Nothing but the lines below between the line holding "# Model space" and the line holding "doc.linetypes.add('CONTINUO', pattern=[0])", inclusive, should appear in the answer, each set down exactly.

[Opening Exercise materials section]

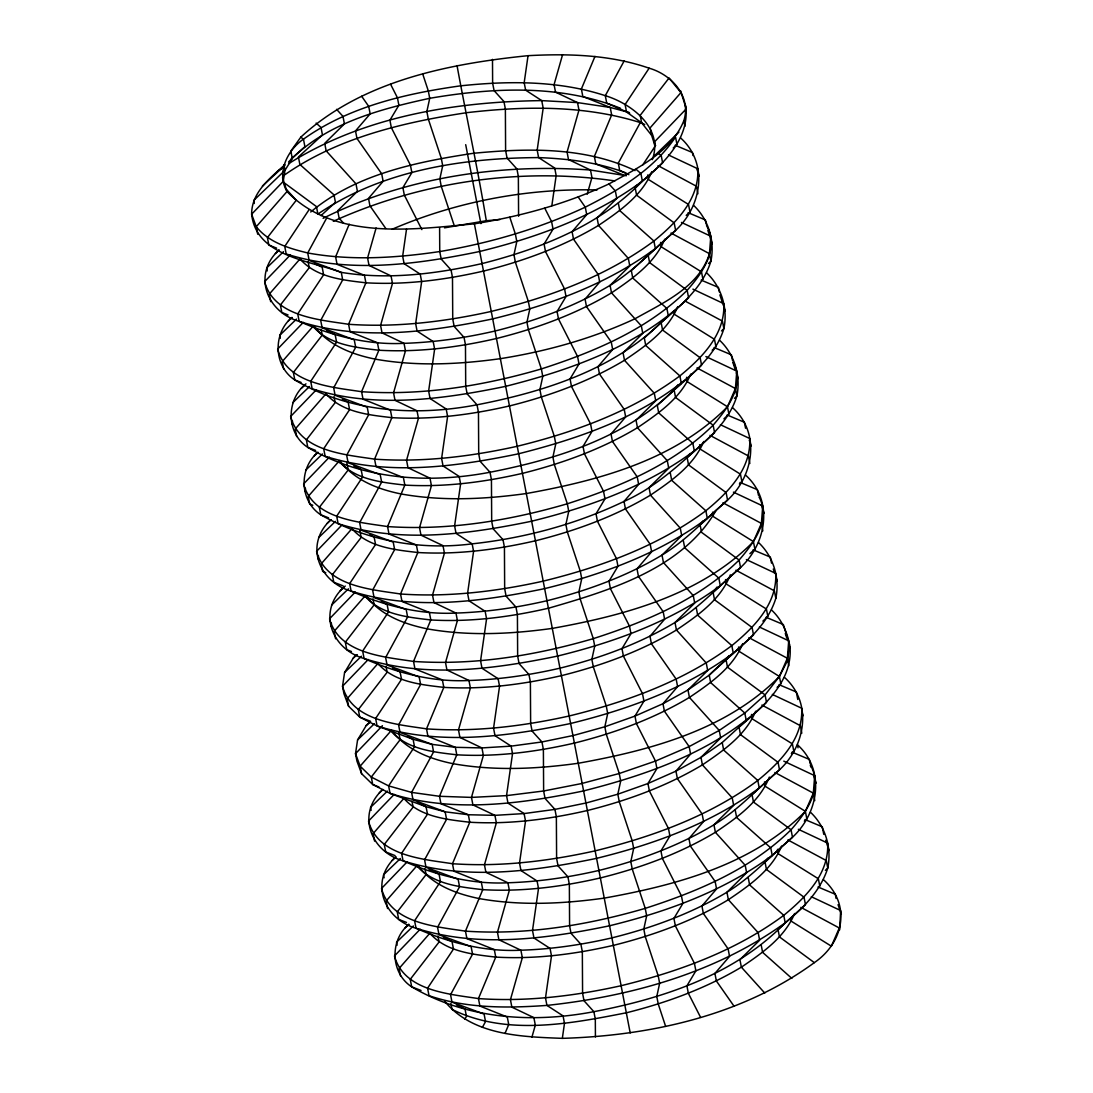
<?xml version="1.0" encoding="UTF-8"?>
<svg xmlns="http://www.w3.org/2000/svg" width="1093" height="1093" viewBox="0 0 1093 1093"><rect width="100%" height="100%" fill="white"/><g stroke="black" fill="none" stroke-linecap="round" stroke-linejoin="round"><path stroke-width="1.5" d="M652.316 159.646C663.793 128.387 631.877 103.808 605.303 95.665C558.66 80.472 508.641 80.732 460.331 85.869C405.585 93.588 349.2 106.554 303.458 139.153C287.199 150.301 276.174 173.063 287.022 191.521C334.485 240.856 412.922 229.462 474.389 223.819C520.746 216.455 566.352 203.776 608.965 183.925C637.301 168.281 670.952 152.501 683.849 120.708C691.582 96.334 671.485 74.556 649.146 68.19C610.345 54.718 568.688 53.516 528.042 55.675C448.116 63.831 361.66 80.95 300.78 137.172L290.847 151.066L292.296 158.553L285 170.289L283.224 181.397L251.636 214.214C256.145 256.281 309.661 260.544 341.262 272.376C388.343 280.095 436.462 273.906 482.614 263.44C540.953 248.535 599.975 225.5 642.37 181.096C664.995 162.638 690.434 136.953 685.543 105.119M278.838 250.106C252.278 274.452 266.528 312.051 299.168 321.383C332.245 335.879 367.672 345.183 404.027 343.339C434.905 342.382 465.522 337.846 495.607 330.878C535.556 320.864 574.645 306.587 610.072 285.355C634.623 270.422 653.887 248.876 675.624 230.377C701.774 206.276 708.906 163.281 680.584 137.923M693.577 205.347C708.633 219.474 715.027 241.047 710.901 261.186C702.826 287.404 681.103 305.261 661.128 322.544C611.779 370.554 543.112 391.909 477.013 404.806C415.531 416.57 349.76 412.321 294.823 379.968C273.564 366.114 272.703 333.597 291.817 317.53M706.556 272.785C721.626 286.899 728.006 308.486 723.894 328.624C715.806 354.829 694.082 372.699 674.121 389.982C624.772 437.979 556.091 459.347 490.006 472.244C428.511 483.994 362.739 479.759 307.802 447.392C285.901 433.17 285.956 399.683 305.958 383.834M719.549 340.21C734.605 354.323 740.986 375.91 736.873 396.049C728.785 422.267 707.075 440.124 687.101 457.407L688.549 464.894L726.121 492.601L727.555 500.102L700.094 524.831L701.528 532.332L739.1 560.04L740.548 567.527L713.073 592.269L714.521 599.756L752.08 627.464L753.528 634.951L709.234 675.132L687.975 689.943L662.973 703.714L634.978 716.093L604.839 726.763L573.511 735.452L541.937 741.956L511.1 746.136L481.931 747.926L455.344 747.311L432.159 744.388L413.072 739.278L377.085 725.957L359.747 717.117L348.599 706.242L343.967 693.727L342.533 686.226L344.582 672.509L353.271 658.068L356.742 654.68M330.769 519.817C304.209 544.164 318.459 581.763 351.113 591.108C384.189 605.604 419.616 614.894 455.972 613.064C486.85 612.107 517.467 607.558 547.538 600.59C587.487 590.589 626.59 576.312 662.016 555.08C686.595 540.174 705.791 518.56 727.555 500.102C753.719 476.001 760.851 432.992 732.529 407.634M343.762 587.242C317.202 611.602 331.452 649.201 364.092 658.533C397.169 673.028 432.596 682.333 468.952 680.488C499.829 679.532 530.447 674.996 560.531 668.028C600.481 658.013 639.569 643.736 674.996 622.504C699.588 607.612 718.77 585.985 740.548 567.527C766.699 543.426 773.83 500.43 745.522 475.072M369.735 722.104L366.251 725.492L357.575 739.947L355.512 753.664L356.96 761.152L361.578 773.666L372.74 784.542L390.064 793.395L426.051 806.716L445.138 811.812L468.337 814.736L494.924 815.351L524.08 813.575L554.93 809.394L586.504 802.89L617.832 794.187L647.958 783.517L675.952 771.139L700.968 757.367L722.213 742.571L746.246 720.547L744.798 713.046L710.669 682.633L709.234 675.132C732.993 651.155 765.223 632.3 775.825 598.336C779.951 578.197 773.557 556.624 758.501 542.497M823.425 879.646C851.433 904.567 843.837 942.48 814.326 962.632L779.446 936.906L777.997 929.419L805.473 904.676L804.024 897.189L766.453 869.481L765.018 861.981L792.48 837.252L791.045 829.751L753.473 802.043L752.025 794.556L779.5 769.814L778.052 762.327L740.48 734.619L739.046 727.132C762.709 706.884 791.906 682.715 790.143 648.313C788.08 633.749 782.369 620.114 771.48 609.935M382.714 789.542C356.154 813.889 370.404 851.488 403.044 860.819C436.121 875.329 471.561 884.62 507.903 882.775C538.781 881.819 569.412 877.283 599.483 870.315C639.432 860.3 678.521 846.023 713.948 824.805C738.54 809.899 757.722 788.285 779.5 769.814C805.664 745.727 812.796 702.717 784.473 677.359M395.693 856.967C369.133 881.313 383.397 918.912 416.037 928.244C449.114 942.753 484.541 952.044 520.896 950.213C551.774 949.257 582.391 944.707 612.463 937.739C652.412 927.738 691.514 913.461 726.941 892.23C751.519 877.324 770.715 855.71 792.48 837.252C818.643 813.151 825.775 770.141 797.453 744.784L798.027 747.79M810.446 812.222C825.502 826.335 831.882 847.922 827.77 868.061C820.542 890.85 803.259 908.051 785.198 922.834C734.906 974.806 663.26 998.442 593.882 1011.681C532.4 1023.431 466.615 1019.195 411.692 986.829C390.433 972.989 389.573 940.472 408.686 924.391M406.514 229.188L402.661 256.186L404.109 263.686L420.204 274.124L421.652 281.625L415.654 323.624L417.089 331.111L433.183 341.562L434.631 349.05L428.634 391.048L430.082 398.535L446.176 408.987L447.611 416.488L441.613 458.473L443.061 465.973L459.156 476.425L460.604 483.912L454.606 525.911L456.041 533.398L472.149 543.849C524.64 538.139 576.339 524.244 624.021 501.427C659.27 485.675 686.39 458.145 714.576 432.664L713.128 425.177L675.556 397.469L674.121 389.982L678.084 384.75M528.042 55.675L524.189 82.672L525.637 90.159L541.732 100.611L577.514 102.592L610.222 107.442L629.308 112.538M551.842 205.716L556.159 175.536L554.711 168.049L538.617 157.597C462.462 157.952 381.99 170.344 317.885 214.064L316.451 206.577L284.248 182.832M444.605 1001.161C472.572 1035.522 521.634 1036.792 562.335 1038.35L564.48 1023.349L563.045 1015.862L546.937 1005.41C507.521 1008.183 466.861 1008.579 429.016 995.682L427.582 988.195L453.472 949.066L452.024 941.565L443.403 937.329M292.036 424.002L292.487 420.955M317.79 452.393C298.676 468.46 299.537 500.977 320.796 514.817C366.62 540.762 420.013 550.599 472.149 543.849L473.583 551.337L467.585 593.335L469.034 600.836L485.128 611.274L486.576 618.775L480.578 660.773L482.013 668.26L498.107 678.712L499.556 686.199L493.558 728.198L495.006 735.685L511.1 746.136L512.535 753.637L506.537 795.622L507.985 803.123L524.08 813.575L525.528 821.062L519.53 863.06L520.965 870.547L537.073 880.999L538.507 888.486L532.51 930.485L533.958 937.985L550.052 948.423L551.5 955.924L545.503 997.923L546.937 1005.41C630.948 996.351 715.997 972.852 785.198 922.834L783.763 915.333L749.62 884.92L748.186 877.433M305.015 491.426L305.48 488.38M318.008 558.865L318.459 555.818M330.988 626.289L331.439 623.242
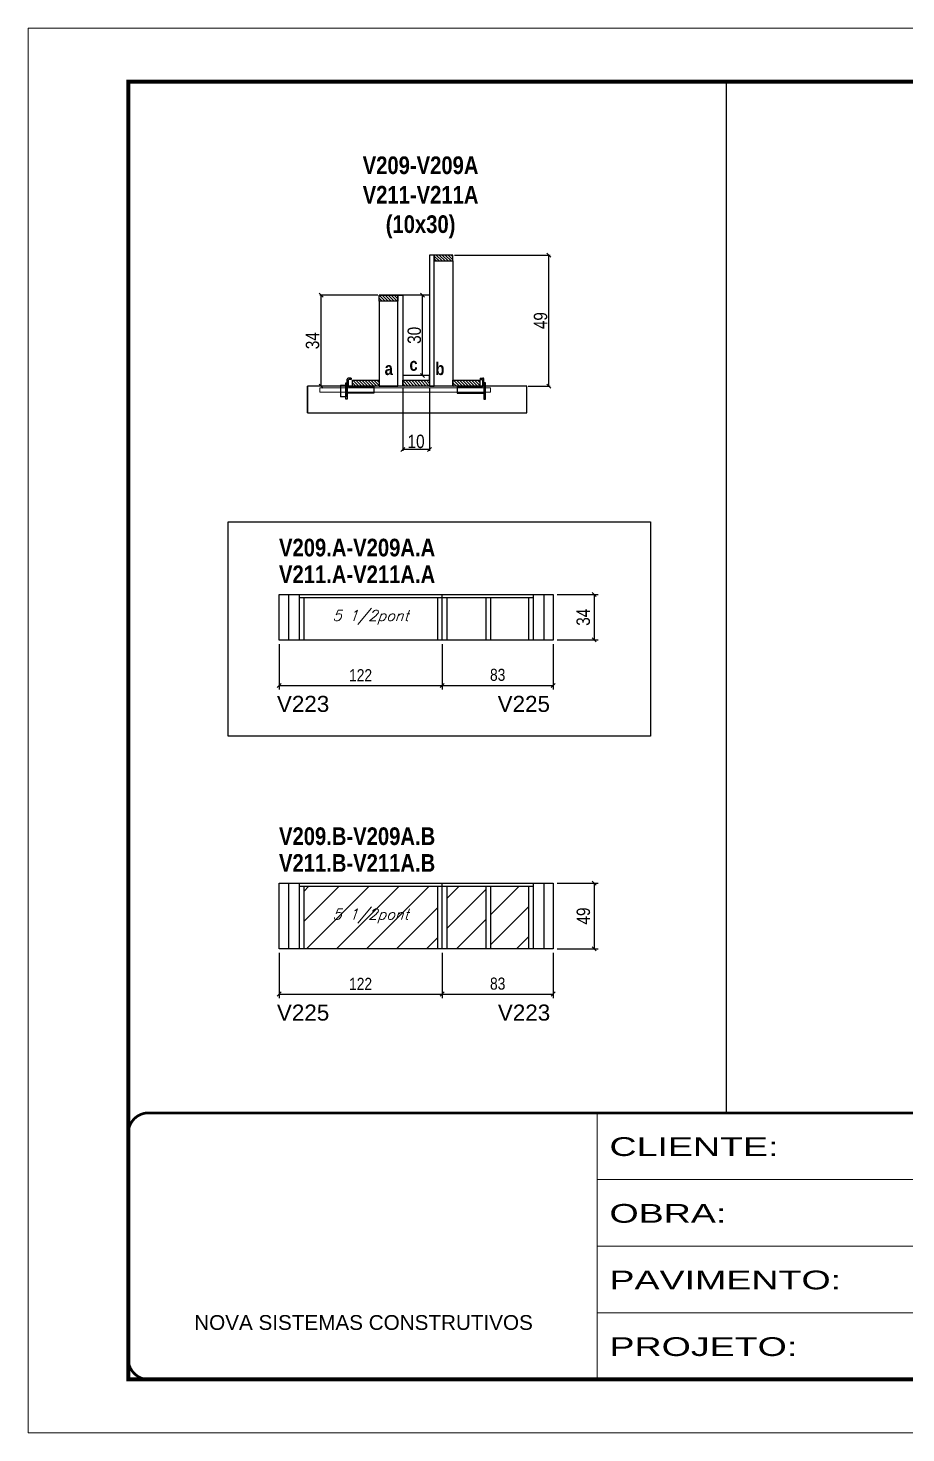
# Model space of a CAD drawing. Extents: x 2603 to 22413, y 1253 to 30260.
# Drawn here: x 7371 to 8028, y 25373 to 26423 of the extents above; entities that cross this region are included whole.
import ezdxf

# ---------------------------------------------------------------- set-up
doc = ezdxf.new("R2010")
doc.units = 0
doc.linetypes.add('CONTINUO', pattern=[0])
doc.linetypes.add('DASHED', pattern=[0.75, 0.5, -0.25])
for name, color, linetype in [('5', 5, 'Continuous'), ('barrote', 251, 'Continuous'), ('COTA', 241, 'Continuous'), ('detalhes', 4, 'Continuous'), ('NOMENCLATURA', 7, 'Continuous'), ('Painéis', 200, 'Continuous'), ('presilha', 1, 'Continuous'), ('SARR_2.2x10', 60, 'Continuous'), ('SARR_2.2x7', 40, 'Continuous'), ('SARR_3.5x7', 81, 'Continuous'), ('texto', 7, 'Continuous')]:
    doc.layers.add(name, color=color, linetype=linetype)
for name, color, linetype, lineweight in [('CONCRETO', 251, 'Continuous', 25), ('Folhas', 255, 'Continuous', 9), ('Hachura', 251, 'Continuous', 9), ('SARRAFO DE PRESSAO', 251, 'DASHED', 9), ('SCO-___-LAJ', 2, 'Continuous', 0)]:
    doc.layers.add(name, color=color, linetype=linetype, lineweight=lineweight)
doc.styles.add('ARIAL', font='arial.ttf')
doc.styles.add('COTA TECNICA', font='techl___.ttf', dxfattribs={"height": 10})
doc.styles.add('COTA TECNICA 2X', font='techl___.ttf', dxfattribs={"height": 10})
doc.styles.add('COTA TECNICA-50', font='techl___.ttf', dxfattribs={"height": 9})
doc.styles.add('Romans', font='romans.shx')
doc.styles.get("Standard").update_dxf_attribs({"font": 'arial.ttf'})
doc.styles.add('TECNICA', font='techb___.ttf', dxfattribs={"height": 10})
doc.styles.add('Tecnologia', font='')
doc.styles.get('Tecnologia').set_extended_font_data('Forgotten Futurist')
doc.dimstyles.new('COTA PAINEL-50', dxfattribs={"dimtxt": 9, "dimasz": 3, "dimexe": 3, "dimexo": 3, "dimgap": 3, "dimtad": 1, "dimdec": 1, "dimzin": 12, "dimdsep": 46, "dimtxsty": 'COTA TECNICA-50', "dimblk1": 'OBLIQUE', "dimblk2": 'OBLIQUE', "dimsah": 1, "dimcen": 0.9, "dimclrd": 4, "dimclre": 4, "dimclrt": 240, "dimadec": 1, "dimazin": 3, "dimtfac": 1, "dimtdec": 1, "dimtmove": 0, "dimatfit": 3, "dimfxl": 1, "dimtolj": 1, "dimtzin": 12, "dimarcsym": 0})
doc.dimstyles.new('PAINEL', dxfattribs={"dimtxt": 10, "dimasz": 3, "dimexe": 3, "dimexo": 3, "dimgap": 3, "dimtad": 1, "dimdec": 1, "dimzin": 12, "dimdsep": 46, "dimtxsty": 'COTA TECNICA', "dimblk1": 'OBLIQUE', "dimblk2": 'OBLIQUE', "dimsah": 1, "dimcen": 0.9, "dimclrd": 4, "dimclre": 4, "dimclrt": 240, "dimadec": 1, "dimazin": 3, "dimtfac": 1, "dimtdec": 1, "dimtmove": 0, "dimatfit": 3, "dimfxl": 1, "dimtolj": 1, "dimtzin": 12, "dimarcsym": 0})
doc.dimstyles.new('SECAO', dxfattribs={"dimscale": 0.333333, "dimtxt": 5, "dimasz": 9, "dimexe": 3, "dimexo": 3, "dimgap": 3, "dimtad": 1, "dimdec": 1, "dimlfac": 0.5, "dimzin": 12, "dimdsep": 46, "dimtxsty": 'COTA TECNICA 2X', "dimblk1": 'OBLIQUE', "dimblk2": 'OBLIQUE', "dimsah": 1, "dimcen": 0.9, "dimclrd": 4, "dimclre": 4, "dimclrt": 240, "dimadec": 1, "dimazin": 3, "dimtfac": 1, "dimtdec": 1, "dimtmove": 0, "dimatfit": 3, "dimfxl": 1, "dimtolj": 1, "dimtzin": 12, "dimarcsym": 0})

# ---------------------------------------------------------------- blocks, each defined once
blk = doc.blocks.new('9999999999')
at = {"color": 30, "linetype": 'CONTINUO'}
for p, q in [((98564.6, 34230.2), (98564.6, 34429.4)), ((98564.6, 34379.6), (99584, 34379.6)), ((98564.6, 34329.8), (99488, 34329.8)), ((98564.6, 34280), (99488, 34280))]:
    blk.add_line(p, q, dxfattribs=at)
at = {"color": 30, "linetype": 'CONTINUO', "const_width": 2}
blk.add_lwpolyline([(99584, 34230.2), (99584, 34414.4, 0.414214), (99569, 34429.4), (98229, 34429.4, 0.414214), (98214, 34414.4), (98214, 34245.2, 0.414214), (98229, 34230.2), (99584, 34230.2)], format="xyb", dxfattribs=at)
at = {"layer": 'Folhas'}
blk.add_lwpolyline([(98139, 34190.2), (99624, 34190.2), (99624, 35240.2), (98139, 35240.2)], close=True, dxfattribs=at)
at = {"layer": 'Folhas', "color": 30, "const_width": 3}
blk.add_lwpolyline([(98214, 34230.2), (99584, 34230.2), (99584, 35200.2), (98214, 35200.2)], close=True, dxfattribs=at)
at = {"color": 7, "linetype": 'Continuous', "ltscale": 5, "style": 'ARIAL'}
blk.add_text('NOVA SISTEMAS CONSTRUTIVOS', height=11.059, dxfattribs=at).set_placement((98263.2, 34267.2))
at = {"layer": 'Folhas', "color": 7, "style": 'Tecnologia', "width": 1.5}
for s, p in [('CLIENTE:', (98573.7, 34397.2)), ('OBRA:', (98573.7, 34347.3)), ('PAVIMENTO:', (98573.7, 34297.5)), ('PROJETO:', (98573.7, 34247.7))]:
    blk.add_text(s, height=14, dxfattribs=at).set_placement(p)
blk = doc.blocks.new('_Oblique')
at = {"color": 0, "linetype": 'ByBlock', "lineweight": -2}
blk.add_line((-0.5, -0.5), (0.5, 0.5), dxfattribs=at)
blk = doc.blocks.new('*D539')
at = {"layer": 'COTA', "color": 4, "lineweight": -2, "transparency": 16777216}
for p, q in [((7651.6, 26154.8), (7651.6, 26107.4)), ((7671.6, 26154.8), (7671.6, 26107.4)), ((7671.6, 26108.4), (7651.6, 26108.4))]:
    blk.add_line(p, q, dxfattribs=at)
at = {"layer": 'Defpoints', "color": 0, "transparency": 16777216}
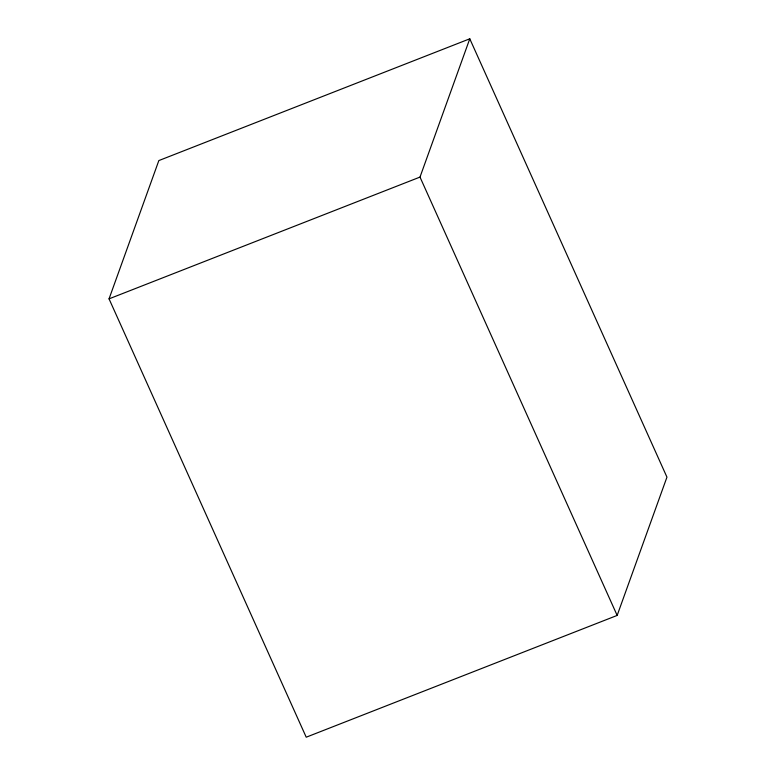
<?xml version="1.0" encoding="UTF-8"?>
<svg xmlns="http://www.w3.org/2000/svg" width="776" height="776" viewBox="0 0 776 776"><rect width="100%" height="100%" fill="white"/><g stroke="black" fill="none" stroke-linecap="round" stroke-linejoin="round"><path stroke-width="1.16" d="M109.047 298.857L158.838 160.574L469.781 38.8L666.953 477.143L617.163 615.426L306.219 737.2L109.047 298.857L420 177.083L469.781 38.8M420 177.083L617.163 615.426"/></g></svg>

[Closing Exercise materials section]

# Answer section
# Model space of a CAD drawing. Extents: x 2603 to 22413, y 1253 to 30260.
# Drawn here: x 7371 to 8028, y 25373 to 26423 of the extents above; entities that cross this region are included whole.
import ezdxf

# ---------------------------------------------------------------- set-up
doc = ezdxf.new("R2010")
doc.units = 0
doc.linetypes.add('CONTINUO', pattern=[0])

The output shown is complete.